Ps: About data structure, if you are interested in it, you can follow me and check the topic “Data Structure” later. There is no detailed explanation here.

5. Principles for index creation

Indexing is good, but it is not unlimited. It is best to comply with the following principles

Mysql will keep matching to the right until it hits a range query (>, <, between, like). A = 1 and b = 2 and c > 3 and d = 4 a = 1 and b = 2 and c > 3 and d = 4 a = 1 and b = 2 and C > 3 and d = 4

2) create an index for a field that is frequently used as a query condition

3) Frequently updated fields are not suitable for creating indexes

4) If the column cannot effectively distinguish data, it is not suitable for index column (such as gender, male and female unknown, there are only three at most, the distinction is too low).

5) Expand indexes as much as possible, do not create new indexes. For example, if you want to add (a,b) to a table that already has an index of A, you only need to modify the original index.

6) foreign key columns must be indexed.

7) For those columns that are rarely involved in the query, do not create indexes for those columns with a high number of duplicate values.

8) Do not index columns of data types defined as text, image, and bit.

How do I delete data at the million level or above

About index: Because index needs extra maintenance cost, index file is a separate file, so when we add, modify and delete data, there will be extra operations on index file, these operations need to consume extra IO, which will reduce the efficiency of add/change/delete. So, when we delete millions of database data, check the MySQL official manual to see that the speed of deleting data is proportional to the number of indexes created.

  1. So when we want to delete millions of data, we can delete the index first.

  2. Then delete the useless data (this process takes less than two minutes)

  3. Re-create the index after the deletion (when there is less data) is also very fast, in about 10 minutes.

  4. With the previous direct delete is definitely much faster, not to mention in case of delete interruption, all delete will be rolled back.
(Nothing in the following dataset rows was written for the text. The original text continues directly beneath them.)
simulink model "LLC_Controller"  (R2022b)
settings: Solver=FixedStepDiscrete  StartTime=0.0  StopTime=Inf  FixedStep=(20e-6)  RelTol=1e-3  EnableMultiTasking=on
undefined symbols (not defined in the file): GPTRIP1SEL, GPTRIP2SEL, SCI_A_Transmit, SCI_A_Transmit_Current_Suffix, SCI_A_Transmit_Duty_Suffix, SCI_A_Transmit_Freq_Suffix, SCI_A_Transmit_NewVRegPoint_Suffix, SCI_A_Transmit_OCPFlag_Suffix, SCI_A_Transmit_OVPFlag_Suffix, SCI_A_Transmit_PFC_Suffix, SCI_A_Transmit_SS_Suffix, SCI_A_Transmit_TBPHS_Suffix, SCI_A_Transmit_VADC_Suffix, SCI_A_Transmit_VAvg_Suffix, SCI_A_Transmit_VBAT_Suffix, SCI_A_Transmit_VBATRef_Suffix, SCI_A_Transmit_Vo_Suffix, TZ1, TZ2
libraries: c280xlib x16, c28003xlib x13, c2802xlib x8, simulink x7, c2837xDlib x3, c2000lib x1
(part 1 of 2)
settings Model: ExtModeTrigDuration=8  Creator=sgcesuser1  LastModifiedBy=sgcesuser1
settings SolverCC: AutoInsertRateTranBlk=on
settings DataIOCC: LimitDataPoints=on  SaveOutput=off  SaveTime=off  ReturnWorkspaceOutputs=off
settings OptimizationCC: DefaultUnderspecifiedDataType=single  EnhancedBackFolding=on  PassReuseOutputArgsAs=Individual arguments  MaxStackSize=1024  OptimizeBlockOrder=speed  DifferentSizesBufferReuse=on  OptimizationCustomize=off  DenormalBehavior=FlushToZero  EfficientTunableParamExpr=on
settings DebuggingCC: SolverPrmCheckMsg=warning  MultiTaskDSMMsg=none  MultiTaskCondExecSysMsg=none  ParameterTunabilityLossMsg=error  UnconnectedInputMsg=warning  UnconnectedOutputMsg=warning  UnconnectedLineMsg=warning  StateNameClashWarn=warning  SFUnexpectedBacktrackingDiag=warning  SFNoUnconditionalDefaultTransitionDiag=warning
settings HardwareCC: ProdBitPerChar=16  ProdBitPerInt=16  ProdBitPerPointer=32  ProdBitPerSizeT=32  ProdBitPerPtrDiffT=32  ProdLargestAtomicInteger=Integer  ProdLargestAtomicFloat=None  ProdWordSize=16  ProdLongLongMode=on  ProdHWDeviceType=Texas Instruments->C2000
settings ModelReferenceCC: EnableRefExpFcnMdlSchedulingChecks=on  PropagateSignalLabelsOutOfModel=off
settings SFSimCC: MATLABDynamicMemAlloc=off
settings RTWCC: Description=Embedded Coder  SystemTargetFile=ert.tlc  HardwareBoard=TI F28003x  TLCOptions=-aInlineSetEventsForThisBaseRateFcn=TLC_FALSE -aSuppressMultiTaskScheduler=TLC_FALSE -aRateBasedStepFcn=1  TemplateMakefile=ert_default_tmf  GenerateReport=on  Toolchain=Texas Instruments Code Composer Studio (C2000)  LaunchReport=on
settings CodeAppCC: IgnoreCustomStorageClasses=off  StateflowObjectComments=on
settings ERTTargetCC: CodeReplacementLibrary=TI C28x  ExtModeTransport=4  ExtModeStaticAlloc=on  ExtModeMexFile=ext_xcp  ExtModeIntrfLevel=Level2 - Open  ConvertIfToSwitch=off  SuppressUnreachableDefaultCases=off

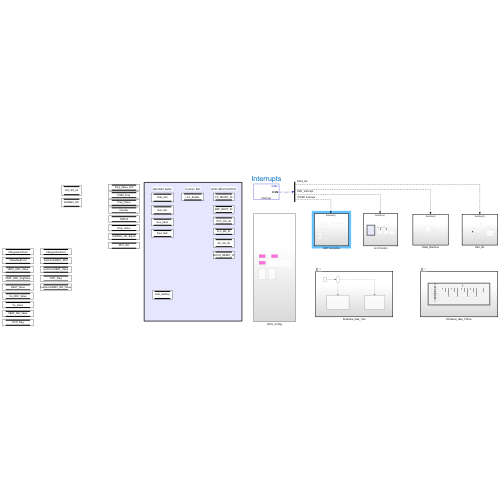
[thumbnail: Simulink's stored preview of the top-level diagram]
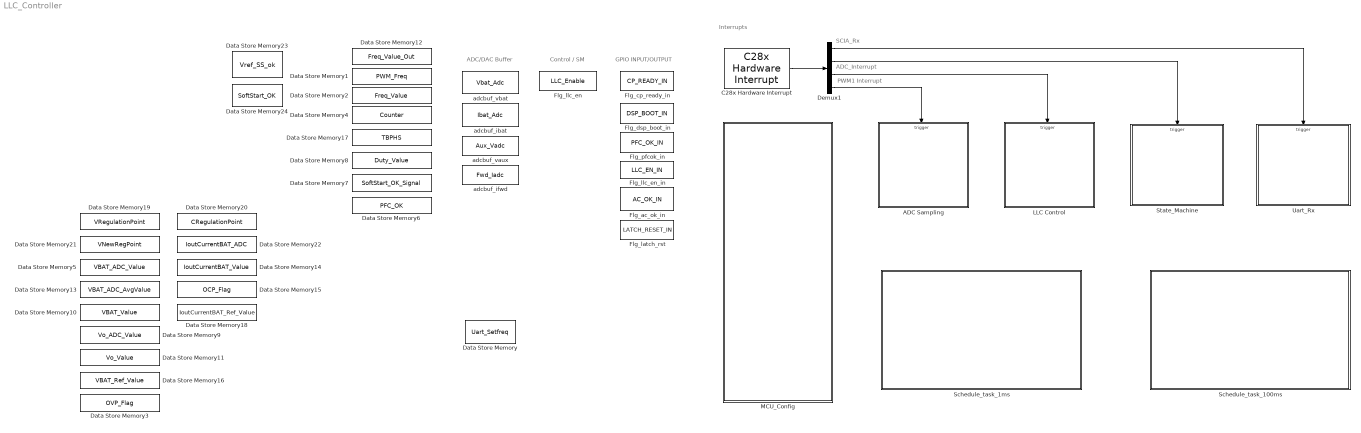
== system LLC_Controller ==
  note: ADC_Interrupt
  note: PWM1 Interrupt
  note: Interrupts
  note: GPIO INPUT/OUTPUT
  note: ADC/DAC Buffer
  note: Control / SM
  note: SCIA_Rx
  ADC Sampling : Subsystem  TreatAsAtomicUnit=on
  C28x Hardware Interrupt : c2000lib/Scheduling/C28x Hardware Interrupt  irqnumbers=[9 3 1 3]  pienumbers=[1 8 3 1]  irqpriorities=[33 32 30 31]  irqpreempts=[1 1 0 0]  showinput=off  dspchiptype=C280X
  Data Store Memory : DataStoreMemory  DataStoreName=Uart_Setfreq  WriteAfterWriteMsg=warning  InitialValue=100  ShowAdditionalParam=off  OutDataTypeStr=single
  Data Store Memory1 : DataStoreMemory  DataStoreName=PWM_Freq  WriteAfterWriteMsg=warning  ShowAdditionalParam=off  OutDataTypeStr=double
  Data Store Memory10 : DataStoreMemory  DataStoreName=VBAT_Value  WriteAfterWriteMsg=warning  ShowAdditionalParam=off  OutDataTypeStr=double
  Data Store Memory11 : DataStoreMemory  DataStoreName=Vo_Value  WriteAfterWriteMsg=warning  InitialValue=153  ShowAdditionalParam=off
  Data Store Memory12 : DataStoreMemory  DataStoreName=Freq_Value_Out  WriteAfterWriteMsg=warning  InitialValue=153  ShowAdditionalParam=off  OutDataTypeStr=double
  Data Store Memory13 : DataStoreMemory  DataStoreName=VBAT_ADC_AvgValue  WriteAfterWriteMsg=warning  ShowAdditionalParam=off
  Data Store Memory14 : DataStoreMemory  DataStoreName=IoutCurrentBAT_Value  WriteAfterWriteMsg=warning  ShowAdditionalParam=off  OutDataTypeStr=double
  Data Store Memory15 : DataStoreMemory  DataStoreName=OCP_Flag  WriteAfterWriteMsg=warning  InitialValue=1  ShowAdditionalParam=off
  Data Store Memory16 : DataStoreMemory  DataStoreName=VBAT_Ref_Value  WriteAfterWriteMsg=warning  ShowAdditionalParam=off  OutDataTypeStr=double
  Data Store Memory17 : DataStoreMemory  DataStoreName=TBPHS  WriteAfterWriteMsg=warning  ShowAdditionalParam=off  OutDataTypeStr=double
  Data Store Memory18 : DataStoreMemory  DataStoreName=IoutCurrentBAT_Ref_Value  WriteAfterWriteMsg=warning  ShowAdditionalParam=off  OutDataTypeStr=double
  Data Store Memory19 : DataStoreMemory  DataStoreName=VRegulationPoint  WriteAfterWriteMsg=warning  ShowAdditionalParam=off  OutDataTypeStr=double
  Data Store Memory2 : DataStoreMemory  DataStoreName=Freq_Value  WriteAfterWriteMsg=warning  InitialValue=153  ShowAdditionalParam=off  OutDataTypeStr=double
  Data Store Memory20 : DataStoreMemory  DataStoreName=CRegulationPoint  WriteAfterWriteMsg=warning  ShowAdditionalParam=off  OutDataTypeStr=double
  Data Store Memory21 : DataStoreMemory  DataStoreName=VNewRegPoint  WriteAfterWriteMsg=warning  ShowAdditionalParam=off  OutDataTypeStr=double
  Data Store Memory22 : DataStoreMemory  DataStoreName=IoutCurrentBAT_ADC  WriteAfterWriteMsg=warning  ShowAdditionalParam=off  OutDataTypeStr=double
  Data Store Memory23 : DataStoreMemory  DataStoreName=Vref_SS_ok  WriteAfterWriteMsg=warning  ShowAdditionalParam=off
  Data Store Memory24 : DataStoreMemory  DataStoreName=SoftStart_OK  WriteAfterWriteMsg=warning  ShowAdditionalParam=off
  Data Store Memory3 : DataStoreMemory  DataStoreName=OVP_Flag  WriteAfterWriteMsg=warning  InitialValue=1  ShowAdditionalParam=off
  Data Store Memory4 : DataStoreMemory  DataStoreName=Counter  WriteAfterWriteMsg=warning  InitialValue=153  ShowAdditionalParam=off
  Data Store Memory5 : DataStoreMemory  DataStoreName=VBAT_ADC_Value  WriteAfterWriteMsg=warning  InitialValue=153  ShowAdditionalParam=off  OutDataTypeStr=double
  Data Store Memory6 : DataStoreMemory  DataStoreName=PFC_OK  WriteAfterWriteMsg=warning  ShowAdditionalParam=off
  Data Store Memory7 : DataStoreMemory  DataStoreName=SoftStart_OK_Signal  WriteAfterWriteMsg=warning  ShowAdditionalParam=off
  Data Store Memory8 : DataStoreMemory  DataStoreName=Duty_Value  WriteAfterWriteMsg=warning  InitialValue=1  ShowAdditionalParam=off  OutDataTypeStr=double
  Data Store Memory9 : DataStoreMemory  DataStoreName=Vo_ADC_Value  WriteAfterWriteMsg=warning  InitialValue=153  ShowAdditionalParam=off
  Demux1 : Demux
  Flg_ac_ok_in : DataStoreMemory  DataStoreName=AC_OK_IN  WriteAfterWriteMsg=warning  ShowAdditionalParam=off
  Flg_cp_ready_in : DataStoreMemory  DataStoreName=CP_READY_IN  WriteAfterWriteMsg=warning  ShowAdditionalParam=off
  Flg_dsp_boot_in : DataStoreMemory  DataStoreName=DSP_BOOT_IN  WriteAfterWriteMsg=warning  ShowAdditionalParam=off
  Flg_latch_rst : DataStoreMemory  DataStoreName=LATCH_RESET_IN  WriteAfterWriteMsg=warning  ShowAdditionalParam=off
  Flg_llc_en : DataStoreMemory  DataStoreName=LLC_Enable  WriteAfterWriteMsg=warning  ShowAdditionalParam=off  OutDataTypeStr=boolean
  Flg_llc_en_in : DataStoreMemory  DataStoreName=LLC_EN_IN  WriteAfterWriteMsg=warning  ShowAdditionalParam=off
  Flg_pfcok_in : DataStoreMemory  DataStoreName=PFC_OK_IN  WriteAfterWriteMsg=warning  ShowAdditionalParam=off
  LLC Control : Subsystem  TreatAsAtomicUnit=on
  MCU_Config : Subsystem
  Schedule_task_100ms : Subsystem  TreatAsAtomicUnit=on  ScheduleAs=Periodic partition  PartitionName=Schedule_task_100ms  SystemSampleTime=1
  Schedule_task_1ms : Subsystem  TreatAsAtomicUnit=on  ScheduleAs=Periodic partition  PartitionName=Schedule_task_1ms  SystemSampleTime=0.001
  State_Machine : Subsystem  TreatAsAtomicUnit=on
  Uart_Rx : Subsystem  TreatAsAtomicUnit=on
  adcbuf_ibat : DataStoreMemory  DataStoreName=Ibat_Adc  WriteAfterWriteMsg=warning  ShowAdditionalParam=off  OutDataTypeStr=uint16
  adcbuf_ifwd : DataStoreMemory  DataStoreName=Fwd_Iadc  WriteAfterWriteMsg=warning  ShowAdditionalParam=off  OutDataTypeStr=uint16
  adcbuf_vaux : DataStoreMemory  DataStoreName=Aux_Vadc  WriteAfterWriteMsg=warning  ShowAdditionalParam=off  OutDataTypeStr=uint16
  adcbuf_vbat : DataStoreMemory  DataStoreName=Vbat_Adc  WriteAfterWriteMsg=warning  ShowAdditionalParam=off  OutDataTypeStr=uint16
  wires:
  C28x Hardware Interrupt/1 -> Demux1/1
  Demux1/3 -> LLC Control/Trigger
  Demux1/4 -> ADC Sampling/Trigger
  Demux1/2 -> State_Machine/Trigger
  Demux1/1 -> Uart_Rx/Trigger

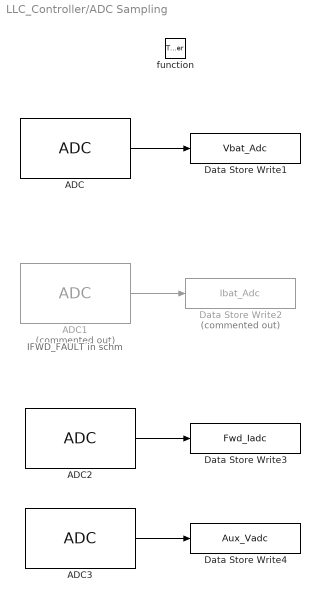
== system LLC_Controller/ADC Sampling ==
  note: IFWD_FAULT in schm
  function : TriggerPort  TriggerType=function-call  VariantControl=(inherit)
  ADC : c2802xlib/ADC  blkParamProc=C2000_Type5  ADCModule=C  samplingMode=Single sample mode  ADCResolution=12-bit (Single-ended input)  useSOC1=SOC0  useSOC2=SOC0_SOC1  SOCAcquisitionWindow=8  SOCTriggerSource=Software  SOCInterruptTrigger=No ADCINT  Ts=-1  dType=uint16  postInterrupt=on  interruptSel=ADCINT1  ADCINTContinuous=on  endma=off  chdma=1  conv1=ADCINA0  conv2=ADCINA0 and ADCINB0  conv1_Type4=ADCIN5  conv2_Type4=ADCIN0 and ADCIN1
  ADC1 : c2802xlib/ADC  Commented=on  blkParamProc=C2000_Type5  ADCModule=A  samplingMode=Single sample mode  ADCResolution=12-bit (Single-ended input)  useSOC1=SOC2  useSOC2=SOC0_SOC1  SOCAcquisitionWindow=8  SOCTriggerSource=Software  SOCInterruptTrigger=No ADCINT  Ts=-1  dType=uint16  postInterrupt=off  interruptSel=ADCINT1  ADCINTContinuous=off  endma=off  chdma=1  conv1=ADCINA0  conv2=ADCINA0 and ADCINB0  conv1_Type4=ADCIN9  conv2_Type4=ADCIN0 and ADCIN1
  ADC2 : c2802xlib/ADC  blkParamProc=C2000_Type5  ADCModule=B  samplingMode=Single sample mode  ADCResolution=12-bit (Single-ended input)  useSOC1=SOC0  useSOC2=SOC0_SOC1  SOCAcquisitionWindow=8  SOCTriggerSource=Software  SOCInterruptTrigger=No ADCINT  Ts=-1  dType=uint16  postInterrupt=off  interruptSel=ADCINT1  ADCINTContinuous=off  endma=off  chdma=1  conv1=ADCINA0  conv2=ADCINA0 and ADCINB0  conv1_Type4=ADCIN11  conv2_Type4=ADCIN0 and ADCIN1
  ADC3 : c2802xlib/ADC  blkParamProc=C2000_Type5  ADCModule=C  samplingMode=Single sample mode  ADCResolution=12-bit (Single-ended input)  useSOC1=SOC2  useSOC2=SOC0_SOC1  SOCAcquisitionWindow=8  SOCTriggerSource=Software  SOCInterruptTrigger=No ADCINT  Ts=-1  dType=uint16  postInterrupt=off  interruptSel=ADCINT1  ADCINTContinuous=off  endma=off  chdma=1  conv1=ADCINA0  conv2=ADCINA0 and ADCINB0  conv1_Type4=ADCIN1  conv2_Type4=ADCIN0 and ADCIN1
  Data Store Write1 : DataStoreWrite  DataStoreName=Vbat_Adc  IndexOptions=Index vector (dialog)  Indices=1  OutputSizes=1
  Data Store Write2 : DataStoreWrite  Commented=on  DataStoreName=Ibat_Adc  IndexOptions=Index vector (dialog)  Indices=1  OutputSizes=1
  Data Store Write3 : DataStoreWrite  DataStoreName=Fwd_Iadc  IndexOptions=Index vector (dialog)  Indices=1  OutputSizes=1
  Data Store Write4 : DataStoreWrite  DataStoreName=Aux_Vadc  IndexOptions=Index vector (dialog)  Indices=1  OutputSizes=1
  wires:
  ADC/1 -> Data Store Write1/1
  ADC1/1 -> Data Store Write2/1
  ADC2/1 -> Data Store Write3/1
  ADC3/1 -> Data Store Write4/1

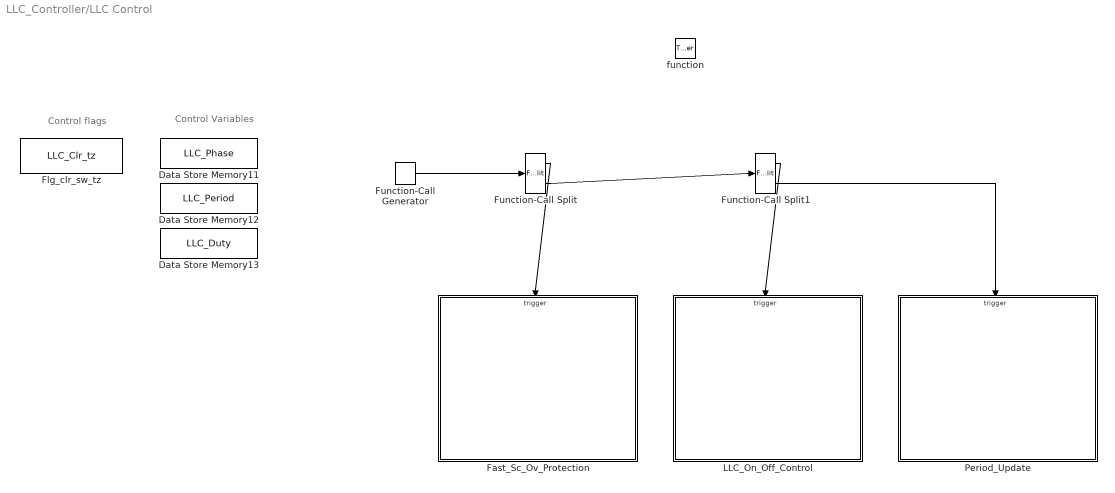
== system LLC_Controller/LLC Control ==
  note: Control flags
  note: Control Variables
  function : TriggerPort  TriggerType=function-call  VariantControl=(inherit)
  Data Store Memory11 : DataStoreMemory  DataStoreName=LLC_Phase  WriteAfterWriteMsg=warning  InitialValue=300  ShowAdditionalParam=off  OutDataTypeStr=single
  Data Store Memory12 : DataStoreMemory  DataStoreName=LLC_Period  WriteAfterWriteMsg=warning  InitialValue=(120e6)/(300e3)  ShowAdditionalParam=off  OutDataTypeStr=single
  Data Store Memory13 : DataStoreMemory  DataStoreName=LLC_Duty  WriteAfterWriteMsg=warning  InitialValue=(100/50)  ShowAdditionalParam=off  OutDataTypeStr=single
  Fast_Sc_Ov_Protection : Subsystem  TreatAsAtomicUnit=on
  Flg_clr_sw_tz : DataStoreMemory  DataStoreName=LLC_Clr_tz  WriteAfterWriteMsg=warning  ShowAdditionalParam=off  OutDataTypeStr=boolean
  Function-Call Generator : simulink/Ports & Subsystems/Function-Call Generator  sample_time=-1  numberOfIterations=1  DisallowWideOutput=off
  Function-Call Split : FunctionCallSplit  NumOutputPorts=2
  Function-Call Split1 : FunctionCallSplit  NumOutputPorts=2
  LLC_On_Off_Control : Subsystem  TreatAsAtomicUnit=on
  Period_Update : Subsystem  TreatAsAtomicUnit=on
  wires:
  Function-Call Generator/1 -> Function-Call Split/1
  Function-Call Split/1 -> Fast_Sc_Ov_Protection/Trigger
  Function-Call Split1/1 -> LLC_On_Off_Control/Trigger
  Function-Call Split/2 -> Function-Call Split1/1
  Function-Call Split1/2 -> Period_Update/Trigger

== system LLC_Controller/MCU_Config ==
  note: EALLOW;
      | EPwm5Regs.EPWMSYNCOUTEN.all = 0x02;  //PWM5 SYNCOUT signal at TBCTR = 0
      | EPwm7Regs.EPWMSYNCINSEL.all = 0x05;    //PWM7 SYNCIN to PWM5
      | EPwm5Regs.TZSEL.bit.OSHT1 = 1;
      | EPwm7Regs.TZSEL.bit.OSHT1 = 1;
      | EPwm5Regs.TZFRC.bit.OST = 1;
      | EPwm7Regs.TZFRC.bit.OST = 1;
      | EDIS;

That’s even worse.

Today, the explanation of index here, focus on mention, index basic principle and the principle of creating index is the focus, the basic interview must ask! There are so many things you can add to your collection. This number has a number of topics, such as [data structure], [Netty topics], [Dubbo topics], [mysql optimization topics], [Redis topics], [high concurrency topics] and other high-quality good articles. Let’s pay attention if you think you have something to gain.